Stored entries
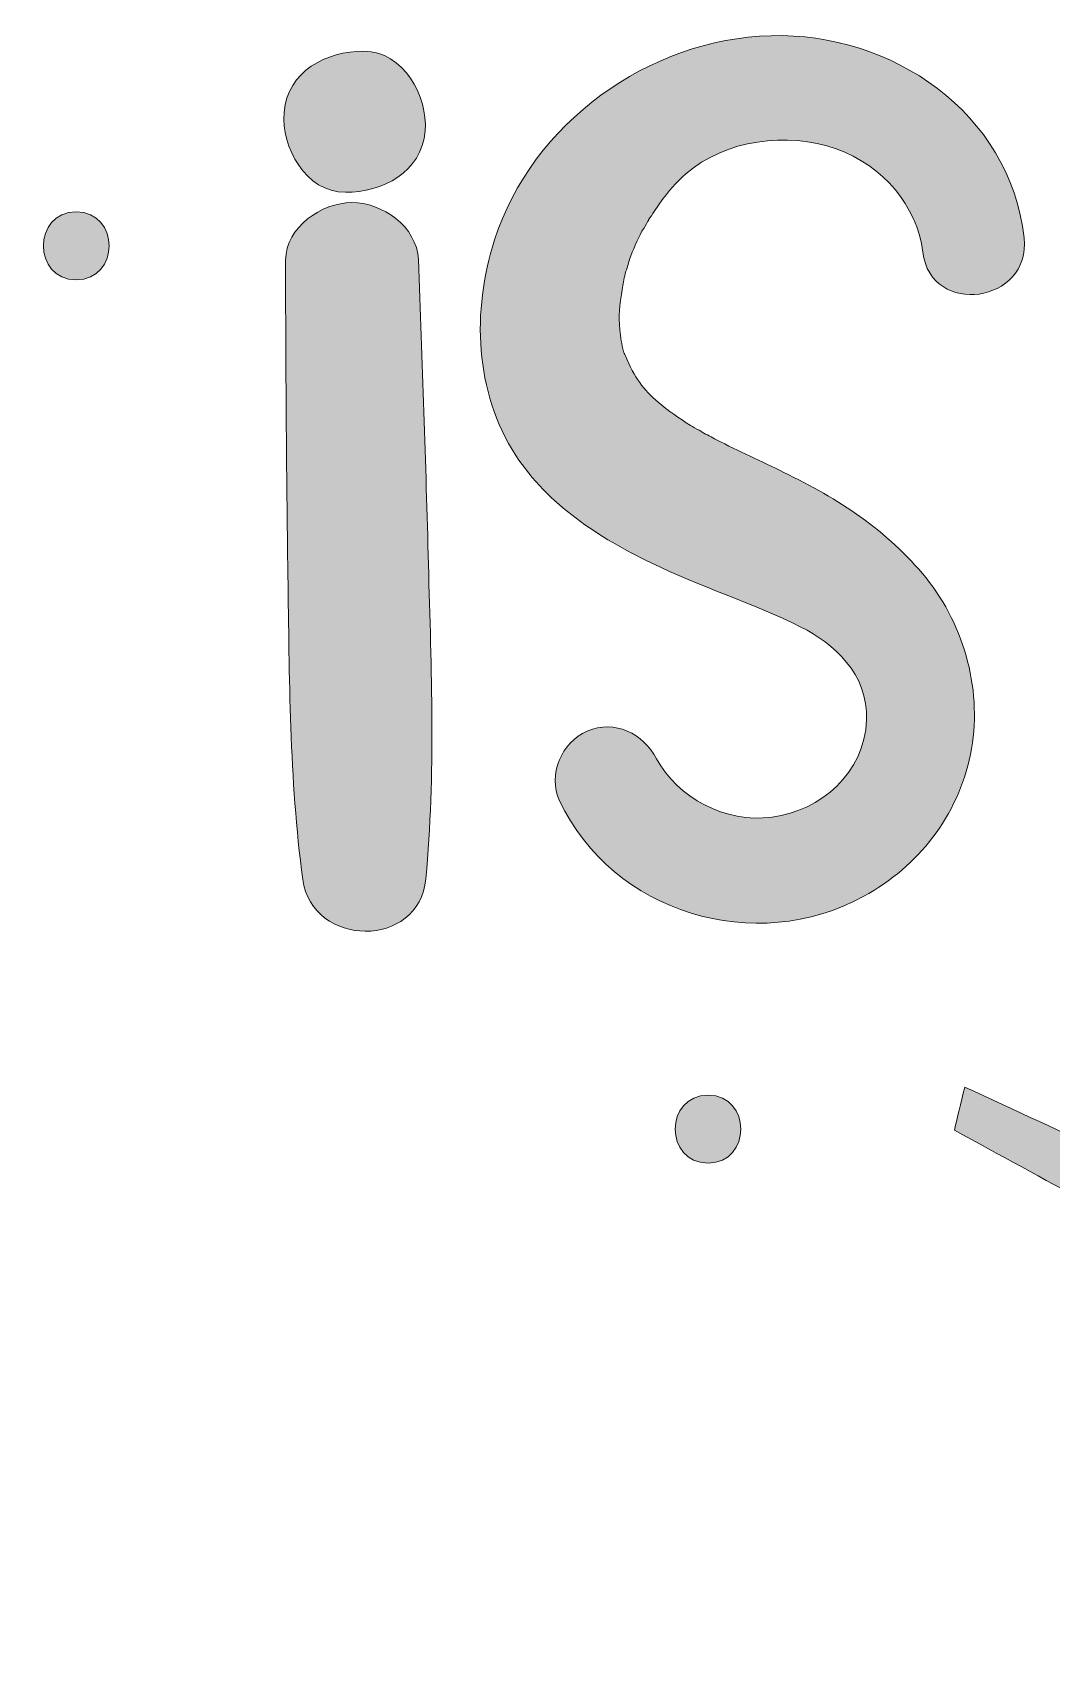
# Model space of a CAD drawing. Header units: inches. Extents: x 66 to 1015, y -1000 to -79.
# Drawn here: x 124.6 to 334.8, y -1000.4 to -665.4 of the extents above; entities that cross this region are included whole.
import ezdxf

# ---------------------------------------------------------------- set-up
doc = ezdxf.new("R2010")
doc.units = ezdxf.units.IN
doc.header["$MEASUREMENT"] = 0
doc.layers.add('Layer 1', color=7, linetype='Continuous')

# ---------------------------------------------------------------- blocks, each defined once
blk = doc.blocks.new('block 2')
at = {"layer": 'Layer 1', "true_color": 0xffffff}
h = blk.add_hatch(color=7, dxfattribs=at)
h.dxf.hatch_style = 2
edge = h.paths.add_edge_path()
edge.add_spline(control_points=[(308.88, -777.94), (300.97, -768.14), (290.75, -761.6), (279.54, -756.16), (274.91, -753.9), (270.22, -751.78), (265.64, -749.42), (264.65, -748.9), (263.66, -748.38), (262.67, -747.85), (262.94, -747.97), (260.37, -746.52), (260.29, -746.47), (257.96, -745.01), (255.72, -743.43), (253.61, -741.67), (250.56, -739.12), (248.77, -736.6), (246.87, -732.14), (246.7, -731.75), (246.57, -731.44), (246.48, -731.21), (246.1, -729.77), (245.9, -728.25), (245.73, -726.78), (245.39, -723.56), (245.58, -722.28), (246.28, -718.05), (246.46, -716.97), (246.65, -715.9), (246.89, -714.84), (247, -714.64), (247.71, -712.29), (247.73, -712.24), (248.45, -710.26), (249.28, -708.31), (250.24, -706.44), (250.1, -706.79), (251.7, -704.02), (251.65, -704.1), (252.41, -702.94), (253.19, -701.77), (254, -700.64), (255.9, -698), (257.22, -696.44), (259.33, -694.6), (267.43, -687.53), (280.27, -685.86), (290.32, -689.44), (300.08, -692.93), (307.03, -701.18), (308.21, -710.73), (309.88, -724.22), (330.6, -721.28), (329.09, -707.8), (326.2, -681.86), (301.73, -665.44), (276.9, -666.1), (251.68, -666.78), (227.58, -684.14), (219.88, -708.23), (215.18, -722.95), (215.73, -739.45), (224.29, -752.69), (230.85, -762.84), (241.51, -769.66), (252.18, -774.83), (262.26, -779.71), (273.02, -783.07), (283.07, -788.06), (289.78, -791.39), (296.98, -797.76), (296.61, -807.2), (296.18, -818.29), (287.17, -825.88), (277.14, -827.26), (267.42, -828.59), (257.64, -823.24), (253.3, -815.21), (250.51, -810.04), (244.71, -807.06), (238.97, -809.54), (233.67, -811.83), (230.8, -818.52), (233.3, -823.87), (244.14, -847.11), (273.85, -855.85), (296.03, -843.59), (307.36, -837.33), (315.4, -827.1), (318.04, -814.34), (320.65, -801.72), (316.93, -787.91), (308.88, -777.94)], knot_values=[0, 0, 0, 0, 1, 1, 1, 2, 2, 2, 3, 3, 3, 4, 4, 4, 5, 5, 5, 6, 6, 6, 7, 7, 7, 8, 8, 8, 9, 9, 9, 10, 10, 10, 11, 11, 11, 12, 12, 12, 13, 13, 13, 14, 14, 14, 15, 15, 15, 16, 16, 16, 17, 17, 17, 18, 18, 18, 19, 19, 19, 20, 20, 20, 21, 21, 21, 22, 22, 22, 23, 23, 23, 24, 24, 24, 25, 25, 25, 26, 26, 26, 27, 27, 27, 28, 28, 28, 29, 29, 29, 30, 30, 30, 31, 31, 31, 31], degree=3, periodic=1)
h = blk.add_hatch(color=7, dxfattribs=at)
h.dxf.hatch_style = 2
edge = h.paths.add_edge_path()
edge.add_spline(control_points=[(189.1, -698.4), (196.74, -698.4), (204.82, -694.33), (205.55, -685.74), (206.15, -678.67), (201.1, -669.3), (192.89, -669.3), (185.25, -669.3), (177.17, -673.36), (176.45, -681.95), (175.85, -689.02), (180.9, -698.4), (189.1, -698.4)], knot_values=[0, 0, 0, 0, 1, 1, 1, 2, 2, 2, 3, 3, 3, 4, 4, 4, 4], degree=3, periodic=1)
h = blk.add_hatch(color=7, dxfattribs=at)
h.dxf.hatch_style = 2
edge = h.paths.add_edge_path()
edge.add_spline(control_points=[(133.59, -702.43), (124.57, -702.43), (124.56, -716.44), (133.59, -716.44), (142.61, -716.44), (142.62, -702.43), (133.59, -702.43)], knot_values=[0, 0, 0, 0, 1, 1, 1, 2, 2, 2, 2], degree=3, periodic=1)
h = blk.add_hatch(color=7, dxfattribs=at)
h.dxf.hatch_style = 2
edge = h.paths.add_edge_path()
edge.add_spline(control_points=[(204.16, -712.28), (203.88, -705.44), (196.66, -700.48), (190.41, -700.51), (184.28, -700.55), (176.77, -705.55), (176.77, -712.42), (176.78, -734.08), (176.94, -755.72), (177.25, -777.38), (177.55, -798.32), (177.52, -819.3), (180.32, -840.09), (182.22, -854.19), (204.34, -854.56), (205.71, -839.96), (207.73, -818.41), (206.82, -796.74), (206.24, -775.13), (205.68, -754.17), (205.01, -733.23), (204.16, -712.28)], knot_values=[0, 0, 0, 0, 1, 1, 1, 2, 2, 2, 3, 3, 3, 4, 4, 4, 5, 5, 5, 6, 6, 6, 7, 7, 7, 7], degree=3, periodic=1)
h = blk.add_hatch(color=7, dxfattribs=at)
h.dxf.hatch_style = 2
edge = h.paths.add_edge_path()
edge.add_spline(control_points=[(611.37, -920.71), (605.91, -919.63), (600.29, -918.74), (594.75, -918.82), (579.6, -919.03), (565.21, -922.87), (552.01, -930.26), (546.5, -933.35), (540.94, -934.81), (534.81, -934.92), (531.36, -934.99), (527.91, -935.18), (524.46, -935.18), (523.16, -935.17), (521.86, -934.76), (519.68, -934.39), (522.7, -932.38), (524.86, -930.97), (527, -929.53), (535.28, -923.99), (543.22, -918.1), (549.2, -909.93), (552.08, -905.97), (553.89, -901.65), (554.21, -896.8), (554.61, -890.79), (552.71, -885.71), (547.36, -882.4), (542.32, -879.29), (537.24, -879.35), (532.01, -882.16), (524.29, -886.31), (517.74, -891.83), (512.31, -898.68), (505.17, -907.69), (499.37, -917.54), (494.62, -927.98), (492.44, -932.76), (489.29, -934.9), (483.92, -933.93), (474.59, -932.23), (465.2, -930.83), (455.85, -929.26), (454.06, -928.96), (452.32, -928.42), (449.32, -927.7), (453.89, -924.94), (457.57, -923.11), (460.8, -920.69), (466.47, -916.46), (472.37, -912.34), (477.26, -907.29), (482.43, -901.95), (485.3, -894.99), (485.8, -887.43), (486.45, -877.79), (480.37, -871.62), (470.79, -872.43), (467.25, -872.72), (463.55, -873.91), (460.4, -875.58), (451.45, -880.32), (444.38, -887.19), (439.25, -895.99), (435.33, -902.69), (431.26, -909.31), (427.37, -916.03), (424.86, -920.36), (421.44, -922.06), (416.54, -920.53), (401.93, -916), (387.31, -911.51), (372.69, -907), (372.72, -906.35), (372.74, -905.7), (372.76, -905.05), (376.35, -903.73), (380.06, -902.68), (383.49, -901.05), (390.87, -897.52), (398.29, -894.01), (405.33, -889.88), (410.38, -886.91), (414.2, -882.42), (416.74, -876.95), (419.96, -869.97), (419.21, -863.43), (414.47, -857.53), (409.89, -851.84), (403.47, -850.36), (396.92, -852.54), (391.28, -854.41), (385.7, -857.18), (380.88, -860.64), (370.13, -868.36), (361.12, -877.95), (353.7, -888.97), (351.93, -891.6), (349.91, -894.05), (347.59, -897.15), (337.25, -892.36), (327.35, -887.78), (316.89, -882.93), (316.02, -886.48), (315.38, -889.09), (314.72, -891.81), (324.24, -897.01), (333.27, -901.94), (341.91, -906.65), (341.39, -910.94), (340.52, -914.57), (340.59, -918.18), (340.95, -937.37), (345.89, -955.35), (356.26, -971.54), (359.08, -975.94), (363.17, -979.85), (367.43, -982.95), (373.57, -987.41), (381.5, -986.18), (387.05, -980.98), (392.33, -976.04), (393.31, -969.87), (391.95, -963.13), (390.53, -956.02), (387.17, -949.69), (383.04, -943.86), (377.67, -936.3), (371.9, -929.03), (366.34, -921.61), (364.86, -919.64), (363.5, -917.59), (362.09, -915.57), (380.43, -919.99), (397.9, -925.4), (415.42, -930.64), (418.98, -931.7), (419.75, -933.91), (420.16, -937.28), (422.35, -955.13), (429.45, -970.86), (441.53, -984.24), (447.06, -990.35), (453.82, -994.37), (462.11, -995.45), (474.75, -997.1), (482.36, -988.5), (478.34, -976.41), (476.76, -971.65), (473.84, -967.01), (470.49, -963.22), (465.24, -957.27), (459.1, -952.09), (453.34, -946.58), (451.15, -944.49), (448.97, -942.39), (446.78, -940.29), (447, -939.86), (447.22, -939.44), (447.44, -939.01), (461.25, -940.73), (475.05, -942.46), (488.65, -944.16), (489.74, -948.15), (490.3, -951.6), (491.59, -954.74), (498.16, -970.68), (508.43, -983.88), (522.49, -993.8), (526.39, -996.56), (531.4, -998.24), (536.14, -999.18), (542.21, -1000.37), (546.48, -997.47), (549.27, -992.03), (553.16, -984.44), (551.36, -977.46), (546, -971.72), (541.19, -966.57), (535.53, -962.16), (529.95, -957.79), (524.72, -953.7), (519.12, -950.09), (513.68, -946.28), (513.8, -945.78), (513.92, -945.29), (514.05, -944.79), (525.18, -944.57), (536.32, -944.26), (547.46, -944.21), (548.99, -944.21), (550.81, -945.18), (552.01, -946.25), (555.85, -949.65), (560.39, -951.41), (565.22, -952.77), (577.13, -956.14), (589.18, -958.27), (601.62, -956.95), (607.5, -956.32), (613.19, -954.83), (617.74, -950.87), (623.32, -946.02), (626.06, -939.7), (624.65, -932.35), (623.31, -925.34), (617.86, -922), (611.37, -920.71)], knot_values=[0, 0, 0, 0, 1, 1, 1, 2, 2, 2, 3, 3, 3, 4, 4, 4, 5, 5, 5, 6, 6, 6, 7, 7, 7, 8, 8, 8, 9, 9, 9, 10, 10, 10, 11, 11, 11, 12, 12, 12, 13, 13, 13, 14, 14, 14, 15, 15, 15, 16, 16, 16, 17, 17, 17, 18, 18, 18, 19, 19, 19, 20, 20, 20, 21, 21, 21, 22, 22, 22, 23, 23, 23, 24, 24, 24, 25, 25, 25, 26, 26, 26, 27, 27, 27, 28, 28, 28, 29, 29, 29, 30, 30, 30, 31, 31, 31, 32, 32, 32, 33, 33, 33, 34, 34, 34, 35, 35, 35, 36, 36, 36, 37, 37, 37, 38, 38, 38, 39, 39, 39, 40, 40, 40, 41, 41, 41, 42, 42, 42, 43, 43, 43, 44, 44, 44, 45, 45, 45, 46, 46, 46, 47, 47, 47, 48, 48, 48, 49, 49, 49, 50, 50, 50, 51, 51, 51, 52, 52, 52, 53, 53, 53, 54, 54, 54, 55, 55, 55, 56, 56, 56, 57, 57, 57, 58, 58, 58, 59, 59, 59, 60, 60, 60, 61, 61, 61, 62, 62, 62, 63, 63, 63, 64, 64, 64, 65, 65, 65, 66, 66, 66, 67, 67, 67, 68, 68, 68, 69, 69, 69, 69], degree=3, periodic=1)
h = blk.add_hatch(color=7, dxfattribs=at)
h.dxf.hatch_style = 2
edge = h.paths.add_edge_path()
edge.add_spline(control_points=[(263.91, -884.59), (254.89, -884.59), (254.88, -898.61), (263.91, -898.61), (272.93, -898.61), (272.94, -884.59), (263.91, -884.59)], knot_values=[0, 0, 0, 0, 1, 1, 1, 2, 2, 2, 2], degree=3, periodic=1)
at = {"layer": 'Layer 1', "lineweight": 0}
for points, knots in [([(308.88, -777.94), (300.97, -768.14), (290.75, -761.6), (279.54, -756.16), (274.91, -753.9), (270.22, -751.78), (265.64, -749.42), (264.65, -748.9), (263.66, -748.38), (262.67, -747.85), (262.94, -747.97), (260.37, -746.52), (260.29, -746.47), (257.96, -745.01), (255.72, -743.43), (253.61, -741.67), (250.56, -739.12), (248.77, -736.6), (246.87, -732.14), (246.7, -731.75), (246.57, -731.44), (246.48, -731.21), (246.1, -729.77), (245.9, -728.25), (245.73, -726.78), (245.39, -723.56), (245.58, -722.28), (246.28, -718.05), (246.46, -716.97), (246.65, -715.9), (246.89, -714.84), (247, -714.64), (247.71, -712.29), (247.73, -712.24), (248.45, -710.26), (249.28, -708.31), (250.24, -706.44), (250.1, -706.79), (251.7, -704.02), (251.65, -704.1), (252.41, -702.94), (253.19, -701.77), (254, -700.64), (255.9, -698), (257.22, -696.44), (259.33, -694.6), (267.43, -687.53), (280.27, -685.86), (290.32, -689.44), (300.08, -692.93), (307.03, -701.18), (308.21, -710.73), (309.88, -724.22), (330.6, -721.28), (329.09, -707.8), (326.2, -681.86), (301.73, -665.44), (276.9, -666.1), (251.68, -666.78), (227.58, -684.14), (219.88, -708.23), (215.18, -722.95), (215.73, -739.45), (224.29, -752.69), (230.85, -762.84), (241.51, -769.66), (252.18, -774.83), (262.26, -779.71), (273.02, -783.07), (283.07, -788.06), (289.78, -791.39), (296.98, -797.76), (296.61, -807.2), (296.18, -818.29), (287.17, -825.88), (277.14, -827.26), (267.42, -828.59), (257.64, -823.24), (253.3, -815.21), (250.51, -810.04), (244.71, -807.06), (238.97, -809.54), (233.67, -811.83), (230.8, -818.52), (233.3, -823.87), (244.14, -847.11), (273.85, -855.85), (296.03, -843.59), (307.36, -837.33), (315.4, -827.1), (318.04, -814.34), (320.65, -801.72), (316.93, -787.91), (308.88, -777.94)], [0, 0, 0, 0, 1, 1, 1, 2, 2, 2, 3, 3, 3, 4, 4, 4, 5, 5, 5, 6, 6, 6, 7, 7, 7, 8, 8, 8, 9, 9, 9, 10, 10, 10, 11, 11, 11, 12, 12, 12, 13, 13, 13, 14, 14, 14, 15, 15, 15, 16, 16, 16, 17, 17, 17, 18, 18, 18, 19, 19, 19, 20, 20, 20, 21, 21, 21, 22, 22, 22, 23, 23, 23, 24, 24, 24, 25, 25, 25, 26, 26, 26, 27, 27, 27, 28, 28, 28, 29, 29, 29, 30, 30, 30, 31, 31, 31, 31]), ([(189.1, -698.4), (196.74, -698.4), (204.82, -694.33), (205.55, -685.74), (206.15, -678.67), (201.1, -669.3), (192.89, -669.3), (185.25, -669.3), (177.17, -673.36), (176.45, -681.95), (175.85, -689.02), (180.9, -698.4), (189.1, -698.4)], [0, 0, 0, 0, 1, 1, 1, 2, 2, 2, 3, 3, 3, 4, 4, 4, 4]), ([(133.59, -702.43), (124.57, -702.43), (124.56, -716.44), (133.59, -716.44), (142.61, -716.44), (142.62, -702.43), (133.59, -702.43)], [0, 0, 0, 0, 1, 1, 1, 2, 2, 2, 2]), ([(204.16, -712.28), (203.88, -705.44), (196.66, -700.48), (190.41, -700.51), (184.28, -700.55), (176.77, -705.55), (176.77, -712.42), (176.78, -734.08), (176.94, -755.72), (177.25, -777.38), (177.55, -798.32), (177.52, -819.3), (180.32, -840.09), (182.22, -854.19), (204.34, -854.56), (205.71, -839.96), (207.73, -818.41), (206.82, -796.74), (206.24, -775.13), (205.68, -754.17), (205.01, -733.23), (204.16, -712.28)], [0, 0, 0, 0, 1, 1, 1, 2, 2, 2, 3, 3, 3, 4, 4, 4, 5, 5, 5, 6, 6, 6, 7, 7, 7, 7]), ([(611.37, -920.71), (605.91, -919.63), (600.29, -918.74), (594.75, -918.82), (579.6, -919.03), (565.21, -922.87), (552.01, -930.26), (546.5, -933.35), (540.94, -934.81), (534.81, -934.92), (531.36, -934.99), (527.91, -935.18), (524.46, -935.18), (523.16, -935.17), (521.86, -934.76), (519.68, -934.39), (522.7, -932.38), (524.86, -930.97), (527, -929.53), (535.28, -923.99), (543.22, -918.1), (549.2, -909.93), (552.08, -905.97), (553.89, -901.65), (554.21, -896.8), (554.61, -890.79), (552.71, -885.71), (547.36, -882.4), (542.32, -879.29), (537.24, -879.35), (532.01, -882.16), (524.29, -886.31), (517.74, -891.83), (512.31, -898.68), (505.17, -907.69), (499.37, -917.54), (494.62, -927.98), (492.44, -932.76), (489.29, -934.9), (483.92, -933.93), (474.59, -932.23), (465.2, -930.83), (455.85, -929.26), (454.06, -928.96), (452.32, -928.42), (449.32, -927.7), (453.89, -924.94), (457.57, -923.11), (460.8, -920.69), (466.47, -916.46), (472.37, -912.34), (477.26, -907.29), (482.43, -901.95), (485.3, -894.99), (485.8, -887.43), (486.45, -877.79), (480.37, -871.62), (470.79, -872.43), (467.25, -872.72), (463.55, -873.91), (460.4, -875.58), (451.45, -880.32), (444.38, -887.19), (439.25, -895.99), (435.33, -902.69), (431.26, -909.31), (427.37, -916.03), (424.86, -920.36), (421.44, -922.06), (416.54, -920.53), (401.93, -916), (387.31, -911.51), (372.69, -907), (372.72, -906.35), (372.74, -905.7), (372.76, -905.05), (376.35, -903.73), (380.06, -902.68), (383.49, -901.05), (390.87, -897.52), (398.29, -894.01), (405.33, -889.88), (410.38, -886.91), (414.2, -882.42), (416.74, -876.95), (419.96, -869.97), (419.21, -863.43), (414.47, -857.53), (409.89, -851.84), (403.47, -850.36), (396.92, -852.54), (391.28, -854.41), (385.7, -857.18), (380.88, -860.64), (370.13, -868.36), (361.12, -877.95), (353.7, -888.97), (351.93, -891.6), (349.91, -894.05), (347.59, -897.15), (337.25, -892.36), (327.35, -887.78), (316.89, -882.93), (316.02, -886.48), (315.38, -889.09), (314.72, -891.81), (324.24, -897.01), (333.27, -901.94), (341.91, -906.65), (341.39, -910.94), (340.52, -914.57), (340.59, -918.18), (340.95, -937.37), (345.89, -955.35), (356.26, -971.54), (359.08, -975.94), (363.17, -979.85), (367.43, -982.95), (373.57, -987.41), (381.5, -986.18), (387.05, -980.98), (392.33, -976.04), (393.31, -969.87), (391.95, -963.13), (390.53, -956.02), (387.17, -949.69), (383.04, -943.86), (377.67, -936.3), (371.9, -929.03), (366.34, -921.61), (364.86, -919.64), (363.5, -917.59), (362.09, -915.57), (380.43, -919.99), (397.9, -925.4), (415.42, -930.64), (418.98, -931.7), (419.75, -933.91), (420.16, -937.28), (422.35, -955.13), (429.45, -970.86), (441.53, -984.24), (447.06, -990.35), (453.82, -994.37), (462.11, -995.45), (474.75, -997.1), (482.36, -988.5), (478.34, -976.41), (476.76, -971.65), (473.84, -967.01), (470.49, -963.22), (465.24, -957.27), (459.1, -952.09), (453.34, -946.58), (451.15, -944.49), (448.97, -942.39), (446.78, -940.29), (447, -939.86), (447.22, -939.44), (447.44, -939.01), (461.25, -940.73), (475.05, -942.46), (488.65, -944.16), (489.74, -948.15), (490.3, -951.6), (491.59, -954.74), (498.16, -970.68), (508.43, -983.88), (522.49, -993.8), (526.39, -996.56), (531.4, -998.24), (536.14, -999.18), (542.21, -1000.37), (546.48, -997.47), (549.27, -992.03), (553.16, -984.44), (551.36, -977.46), (546, -971.72), (541.19, -966.57), (535.53, -962.16), (529.95, -957.79), (524.72, -953.7), (519.12, -950.09), (513.68, -946.28), (513.8, -945.78), (513.92, -945.29), (514.05, -944.79), (525.18, -944.57), (536.32, -944.26), (547.46, -944.21), (548.99, -944.21), (550.81, -945.18), (552.01, -946.25), (555.85, -949.65), (560.39, -951.41), (565.22, -952.77), (577.13, -956.14), (589.18, -958.27), (601.62, -956.95), (607.5, -956.32), (613.19, -954.83), (617.74, -950.87), (623.32, -946.02), (626.06, -939.7), (624.65, -932.35), (623.31, -925.34), (617.86, -922), (611.37, -920.71)], [0, 0, 0, 0, 1, 1, 1, 2, 2, 2, 3, 3, 3, 4, 4, 4, 5, 5, 5, 6, 6, 6, 7, 7, 7, 8, 8, 8, 9, 9, 9, 10, 10, 10, 11, 11, 11, 12, 12, 12, 13, 13, 13, 14, 14, 14, 15, 15, 15, 16, 16, 16, 17, 17, 17, 18, 18, 18, 19, 19, 19, 20, 20, 20, 21, 21, 21, 22, 22, 22, 23, 23, 23, 24, 24, 24, 25, 25, 25, 26, 26, 26, 27, 27, 27, 28, 28, 28, 29, 29, 29, 30, 30, 30, 31, 31, 31, 32, 32, 32, 33, 33, 33, 34, 34, 34, 35, 35, 35, 36, 36, 36, 37, 37, 37, 38, 38, 38, 39, 39, 39, 40, 40, 40, 41, 41, 41, 42, 42, 42, 43, 43, 43, 44, 44, 44, 45, 45, 45, 46, 46, 46, 47, 47, 47, 48, 48, 48, 49, 49, 49, 50, 50, 50, 51, 51, 51, 52, 52, 52, 53, 53, 53, 54, 54, 54, 55, 55, 55, 56, 56, 56, 57, 57, 57, 58, 58, 58, 59, 59, 59, 60, 60, 60, 61, 61, 61, 62, 62, 62, 63, 63, 63, 64, 64, 64, 65, 65, 65, 66, 66, 66, 67, 67, 67, 68, 68, 68, 69, 69, 69, 69]), ([(263.91, -884.59), (254.89, -884.59), (254.88, -898.61), (263.91, -898.61), (272.93, -898.61), (272.94, -884.59), (263.91, -884.59)], [0, 0, 0, 0, 1, 1, 1, 2, 2, 2, 2])]:
    blk.add_open_spline(points, degree=3, knots=knots, dxfattribs=at)

msp = doc.modelspace()

# ---------------------------------------------------------------- block references
at = {"layer": 'Layer 1'}
msp.add_blockref('block 2', (0, 0), dxfattribs=at)

doc.saveas('drawing.dxf')

Work item >>
Transcribe exactly the lines from the one containing "msp = doc.modelspace()" through the end of the records, both included, and nothing else.

Result of this exercise >>
msp = doc.modelspace()

# ---------------------------------------------------------------- block references
at = {"layer": 'Layer 1'}
msp.add_blockref('block 2', (0, 0), dxfattribs=at)

doc.saveas('drawing.dxf')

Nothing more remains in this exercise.